The weight difference -- 0.610 g, or roughly 19% -- is large enough that a 0.01 g scale separates them instantly. The diameter (19.05 mm) and thickness (1.52 mm) are identical across both compositions, so visual inspection alone cannot determine which type a 1982 cent is.
From a collector standpoint, the bronze cent carries more intrinsic copper content, though the 31 CFR § 82 melting prohibition means that copper content is informational, not actionable. The practical implication is variety identification: the 1982-D Small Date bronze cent -- which weighs 3.110 g -- is one of the most significant modern Lincoln cent rarities, with fewer than five confirmed examples known.

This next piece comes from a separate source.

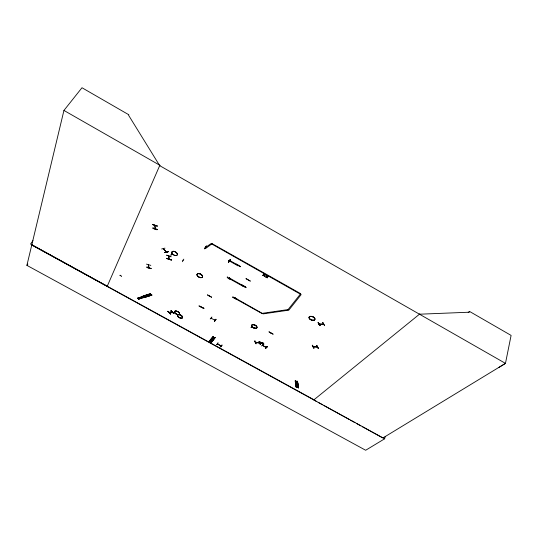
<?xml version="1.0" encoding="UTF-8"?>
<svg xmlns="http://www.w3.org/2000/svg" width="538" height="538" viewBox="0 0 538 538"><rect width="100%" height="100%" fill="white"/><g stroke="black" fill="none" stroke-linecap="round" stroke-linejoin="round"><path stroke-width="0.81" d="M228.576 261.925L228.717 262.268L230.291 259.45M230.311 259.484L228.529 262.093M220.708 346.976L222.107 345.228M214.568 321.421L215.994 319.464M171.918 253.963L171.494 254.158M157.621 229.302C157.681 230.641 152.415 228.583 153.007 227.85M151.043 268.684C142.496 265.18 148.986 269.148 151.138 268.327M151.043 268.536L146.854 266.935M157.52 229.518L152.927 228.018M172.463 312.235L169.531 312.652M171.286 259.888L166.834 258.415M164.668 252.396L168.152 251.73L168.091 251.374M168.152 251.744L164.789 252.584L168.145 251.71M168.038 251.589L164.789 252.584M168.952 259.148L168.979 256.169M243.452 286.122L243.66 285.759M243.808 285.839L243.438 286.102M319.666 324.145L319.707 323.775M154.803 225.449L155.072 228.697M154.857 225.758L154.803 225.678M155.085 228.408L155.307 228.784L155.005 225.489M148.972 267.81L148.488 265.12M163.243 248.697L166.242 251.999M385.316 436.399L384.609 438.813L365.672 450.259L26.9 265.368L63.941 110.438L81.984 87.741L128.838 114.769L128.542 115.193L159.685 165.643L505.464 363.379L511.1 335.409L469.546 311.441L468.201 312.444M469.546 311.441L469.358 312.208L419.472 314.205M317.077 347.057L317.016 346.667M317.44 347.044L313.237 346.875M182.348 261.724L183.814 259.148M229.255 278.307L229.713 277.884M273.008 334.172L269.074 331.785M238.099 265.725L238.28 265.476M269.02 331.933L273.082 334.118M235.079 298.24L235.16 297.696M246.001 287.487L241.811 284.932M316.7 345.322L318.274 348.247M261.966 343.13L262.241 342.706M322.76 322.524L324.629 325.705L322.766 322.343M323.116 323.809L323.103 324.051M312.497 345.161C317.279 354.475 308.933 339.256 313.795 348.247M319.774 325.631C316.512 319.068 318.415 324.508 320.083 325.45M270.735 333.257L270.917 333.062M236.263 264.064L240.654 266.566M152.913 228.22L157.533 229.645M259.235 342.585C260.493 343.735 254.259 341.704 255.967 342.518M229.275 278.287L229.565 277.803M246.001 278.758L250.365 281.132L246.095 278.556M265.537 348.442C269.565 343.896 265.685 349.128 265.409 348.147M265.738 347.259L265.906 346.956M261.529 345.968L263.297 344.206M259.773 342.746C259.356 343.204 264.104 344.233 263.714 343.002M263.909 344.004C263.943 344.589 259.181 342.645 260.015 341.832M107.143 286.472L159.833 165.28M159.746 165.677L159.9 165.314L63.941 110.438M211.562 297.272L207.547 294.831M260.412 344.347L259.06 341.522L260.251 344.307M261.562 343.056L261.515 342.511M261.656 342.518L261.737 343.069L262.107 342.625M260.184 344.32L259.094 341.354M255.913 343.755C256.828 344.179 253.775 341.166 255.039 340.823M256.014 342.511L256.081 342.175M243.936 286.424L243.761 286.606M255.032 327.588L250.896 327.4M267.077 276.505L266.794 276.983L267.299 277.991L267.164 276.747M266.902 275.664L266.983 276.707L268.045 276.31M267.07 276.956L268.401 276.512M266.794 276.983L265.846 277.171L265.59 276.767M265.496 276.976L266.714 276.74L266.566 275.476M264.548 276.176L264.118 276.196L264.037 275.167M265.543 274.898L264.225 274.891M264.454 276.384L264.306 275.14M263.943 275.375L262.995 275.564L262.739 275.16M262.645 275.362L263.855 275.133L263.707 273.862M264.124 275.1L264.044 274.05M221.986 344.945L220.493 346.869M246.061 287.339L241.71 285.133M216.821 344.609L217.917 342.921M241.481 284.777L245.745 287.178M237.016 299.35C230.062 294.959 232.779 298.092 237.097 299.189M232.954 296.855L232.766 297.171L237.002 299.377M214.978 320.359L214.763 319.834M215.873 319.189L214.346 321.314L216 319.498M227.292 276.942C226.39 277.729 231.34 280.466 231.569 279.356M210.224 319L211.925 317.003M211.165 318.133L211.703 318.14M228.885 260.735L229 260.318M211.629 297.124L207.446 295.026M209.255 296.371L209.343 296.156M203.956 308.207C200.513 307.42 194.453 303.109 203.788 308.489M245.604 287.433L241.34 285.039M259.928 342.007L263.822 344.179L259.854 342.094M171.003 310.507L173.734 313.331M170.506 314.091L167.755 311.3L170.741 313.903M206.283 247.527L206.074 247.87L205.657 247.493M172.221 311.764L169.134 312.464M206.531 246.054L204.588 248.677L204.938 248.617M227.211 277.11L231.468 279.558M203.875 308.368L199.874 306.162M170.862 255.274L172.2 252.84L170.963 255.14M182.933 260.123L182.987 260.587M171.266 260.083L171.366 259.719M166.82 258.61L166.921 258.247M166.746 255.194L171.138 256.794L166.652 255.207M164.991 248.139L161.635 248.986M150.835 265.395L146.457 264.124M152.584 224.487L157.325 225.94M204.622 248.664L206.209 246.101L204.83 248.818M206.377 246.196L204.783 248.758L206.424 246.189M319.168 324.037L323.567 324.199L319.229 324.145M228.865 260.701L229.302 260.937M228.475 262.127L230.244 259.619M26.9 265.368L27.848 264.03M236.155 264.272L240.547 266.767M32.986 240.647L30.552 244.03L107.244 286.243M211.098 318.22L211.569 318.348M216.727 344.737L218.098 343.009M217.426 343.997L221.219 345.974M212.961 336.627L209.168 341.368L213.243 336.754M209.329 341.341L213.129 336.6M213.613 336.963L209.793 341.704L209.148 341.334M213.512 336.822L209.672 341.543M210.835 342.188L214.649 337.454M211.266 342.524L215.045 337.602L210.654 342.181L214.675 337.393L215.032 337.682L211.219 342.403M211.017 342.383L214.877 337.689M211.178 342.383L214.998 337.656M221.205 345.947L217.466 344.011M319.982 325.625L318.281 322.464L320.002 325.658M265.321 348.342L267.285 346.687M267.137 346.606L265.368 348.308M157.237 226.081L152.61 224.608M170.546 312.322L171.037 312.464M419.788 313.95L313.775 399.942L316.714 401.563M120.102 275.207L120.33 275.409M121.151 276.014L121.38 276.391L121.232 276.014M498.867 367.461L505.464 363.379L382.955 437.932M167.883 311.267L170.647 314.084M296.989 381.207L297.87 387.669L296.996 381.133L298.563 387.831L297.501 381.395L298.301 387.77M297.09 381.314L297.864 387.663M296.552 387.34L295.349 380.743L296.23 387.266L295.301 380.803L295.853 381.005L296.815 387.32M298.166 387.737L298.577 387.824M295.698 380.897L296.909 387.441M143.115 296.068L150.566 293.95L150.257 293.64L142.974 296.055M138.824 299.289L137.661 298.213L142.57 296.653L143.579 297.595L138.582 299M143.236 296.283L150.553 293.916M137.681 298.247L142.57 296.653L137.789 298.2M137.789 298.341L142.577 296.808M143.438 296.478L150.795 294.138M137.99 298.523L142.765 296.835L137.768 298.24M137.963 298.422L142.752 296.889M143.377 297.406L138.468 298.967L143.263 297.447M144.332 297.205L151.972 295.039L144.614 297.453M144.46 297.433L151.918 295.093M148.508 264.898L148.811 267.796M168.979 312.37L171.992 311.784M264.212 275.342L265.449 275.106M173.801 313.459L170.95 310.648L173.633 313.513M262.376 345.255L266.155 347.387M266.068 347.474L262.315 345.315M313.264 346.768L317.386 346.943M151.514 294.831L144.386 297.366M295.16 380.864L296.256 387.293M298.025 387.622L296.949 381.193M259.545 342.988L255.584 342.471M318.422 348.436L316.674 345.477L318.2 348.449M259.686 342.941L263.66 343.217M254.756 340.971L256.142 343.789M163.364 248.623L166.309 251.898M152.57 224.494L157.224 226.142M166.807 258.442L171.272 259.928M166.827 258.57L171.279 260.042M228.973 260.614L229.275 260.782M205.765 247.52L206.061 247.709M229.188 260.91L228.858 260.681M31.877 244.851L313.97 399.781M31.749 245.025L384.609 438.813M318.18 402.37L322.592 404.798M324.064 405.612L349.054 419.371M350.527 420.178L354.939 422.606M356.412 423.413L360.816 425.84M362.289 426.654L382.135 437.576M215.086 320.312L214.675 320.191M211.172 318.254L215.045 320.292M267.951 276.519L268.307 276.72M205.597 247.581L206.047 247.836M296.499 387.34L295.342 380.817M120.351 275.395L119.9 275.355M168.797 256.397L168.932 259.108M139.073 297.783L140.088 298.718M138.589 297.938L139.604 298.872M138.273 298.045L139.281 298.973M139.988 297.487L141.003 298.422M139.503 297.642L140.519 298.577M142.079 296.815L143.088 297.749M298.523 387.824L297.373 381.287L298.422 387.716M172.577 312.396L169.584 312.995L172.577 312.396M212.14 243.687L206.437 247.91L205.684 247.312L211.064 243.593L301.159 294.595L288.893 310.056L288.059 309.612L300.702 293.687L212.14 243.687M229.524 260.372L229.195 260.863L238.004 265.826L238.341 265.342L229.524 260.372M229.692 278.186L229.37 278.644L243.613 286.626L243.943 286.182L229.692 278.186M235.045 297.877L234.729 298.301L262.309 313.688L262.645 313.284L287.823 309.619L288.314 310.231L263.143 313.876L235.045 297.944M309.538 318.785A3.067 1.742 21.6 0 0 314.589 319.868A3.067 1.742 21.6 0 0 311.778 316.519A3.067 1.742 21.6 0 0 309.538 318.785M309.565 318.691A3.08 1.755 21.6 0 0 314.643 319.78A3.08 1.755 21.6 0 0 311.818 316.411A3.08 1.755 21.6 0 0 309.565 318.691A3.08 1.755 21.6 0 0 314.636 319.787A3.08 1.755 21.6 0 0 311.811 316.418A3.08 1.755 21.6 0 0 309.558 318.698M252.114 326.889A2.878 1.547 24.2 0 0 256.747 327.924A2.872 1.547 24.2 0 0 253.916 324.797A2.878 1.547 24.2 0 0 252.114 326.889A2.872 1.547 24.2 0 0 256.74 327.918A2.878 1.547 24.2 0 0 253.916 324.797A2.872 1.547 24.2 0 0 252.12 326.889M252.147 326.801A2.885 1.553 24.2 0 0 256.794 327.844A2.885 1.553 24.2 0 0 253.956 324.703A2.885 1.553 24.2 0 0 252.147 326.801M197.681 276.155A3.02 1.695 27.7 0 0 202.416 277.131A3.02 1.695 27.7 0 0 199.268 273.681A3.02 1.695 27.7 0 0 197.681 276.155A3.006 1.688 27.7 0 0 202.402 277.131A3.006 1.688 27.7 0 0 199.262 273.694A3.006 1.688 27.7 0 0 197.688 276.162M197.722 276.075A3.026 1.695 27.7 0 0 202.47 277.05A3.026 1.695 27.7 0 0 199.309 273.593A3.026 1.695 27.7 0 0 197.722 276.075M172.052 253.492A3.073 1.742 29.5 0 0 176.908 255.328A3.073 1.742 29.5 0 0 174.668 251.623A3.073 1.742 29.5 0 0 172.052 253.492M172.093 253.405A3.087 1.748 29.5 0 0 176.975 255.247A3.087 1.748 29.5 0 0 174.715 251.522A3.087 1.748 29.5 0 0 172.093 253.405M178.172 316.801A2.744 1.406 27.4 0 0 182.443 317.77A2.764 1.412 27.4 0 0 179.51 314.743A2.764 1.412 27.4 0 0 178.159 316.801A2.764 1.412 27.4 0 0 182.456 317.776A2.744 1.406 27.4 0 0 179.51 314.757A2.744 1.406 27.4 0 0 178.172 316.801M178.206 316.714A2.764 1.412 27.4 0 0 182.503 317.689A2.764 1.412 27.4 0 0 179.558 314.663A2.764 1.412 27.4 0 0 178.206 316.714M175.166 313.237A2.764 1.419 27.6 0 0 179.457 314.199A2.764 1.419 27.6 0 0 176.504 311.159A2.764 1.419 27.6 0 0 175.166 313.237A2.757 1.419 27.6 0 0 179.45 314.199A2.757 1.419 27.6 0 0 176.504 311.166A2.757 1.419 27.6 0 0 175.173 313.237M175.206 313.156A2.771 1.426 27.6 0 0 179.51 314.125A2.771 1.426 27.6 0 0 176.545 311.072A2.771 1.426 27.6 0 0 175.206 313.156"/></g></svg>

| Spec | Vintage | Modern | Why it matters |
|---|---|---|---|
| Weight | 3.110 g | 2.500 g | 0.610 g lighter for the zinc cent -- easily resolved by a 0.01 g scale. |
| Composition | 95% Cu / 5% Zn bronze | 97.5% Zn / 2.5% Cu (plated) | Modern cent is predominantly zinc with a thin copper electroplate, not a copper coin. |
| Copper content by weight | ~2.95 g Cu | ~0.063 g Cu (surface plate only) | The modern cent contains roughly 47x less copper by weight than its bronze predecessor. |
| Diameter | 19.05 mm | 19.05 mm | Identical -- diameter alone cannot distinguish the two compositions. |
| Edge | Plain | Plain | No reeds on any Lincoln cent; edge is not a differentiating factor. |
| Magnetic? | No | No | Neither is magnetic; only the 1943 steel cent sticks to a magnet. |
| Mint tolerance (weight) | ±0.097 g (1.5 grains, Coinage Act of 1873 §16) | ±0.100 g (US Mint specification) | Tolerances are nearly identical -- both compositions require a 0.01 g scale to resolve near-limit coins. |
Most circulating Lincoln cents are not counterfeited -- the face value is too low. The exceptions are high-stakes error coins, primarily the 1943 bronze cent and certain key-date Wheat cents where genuine examples are worth thousands to millions of dollars.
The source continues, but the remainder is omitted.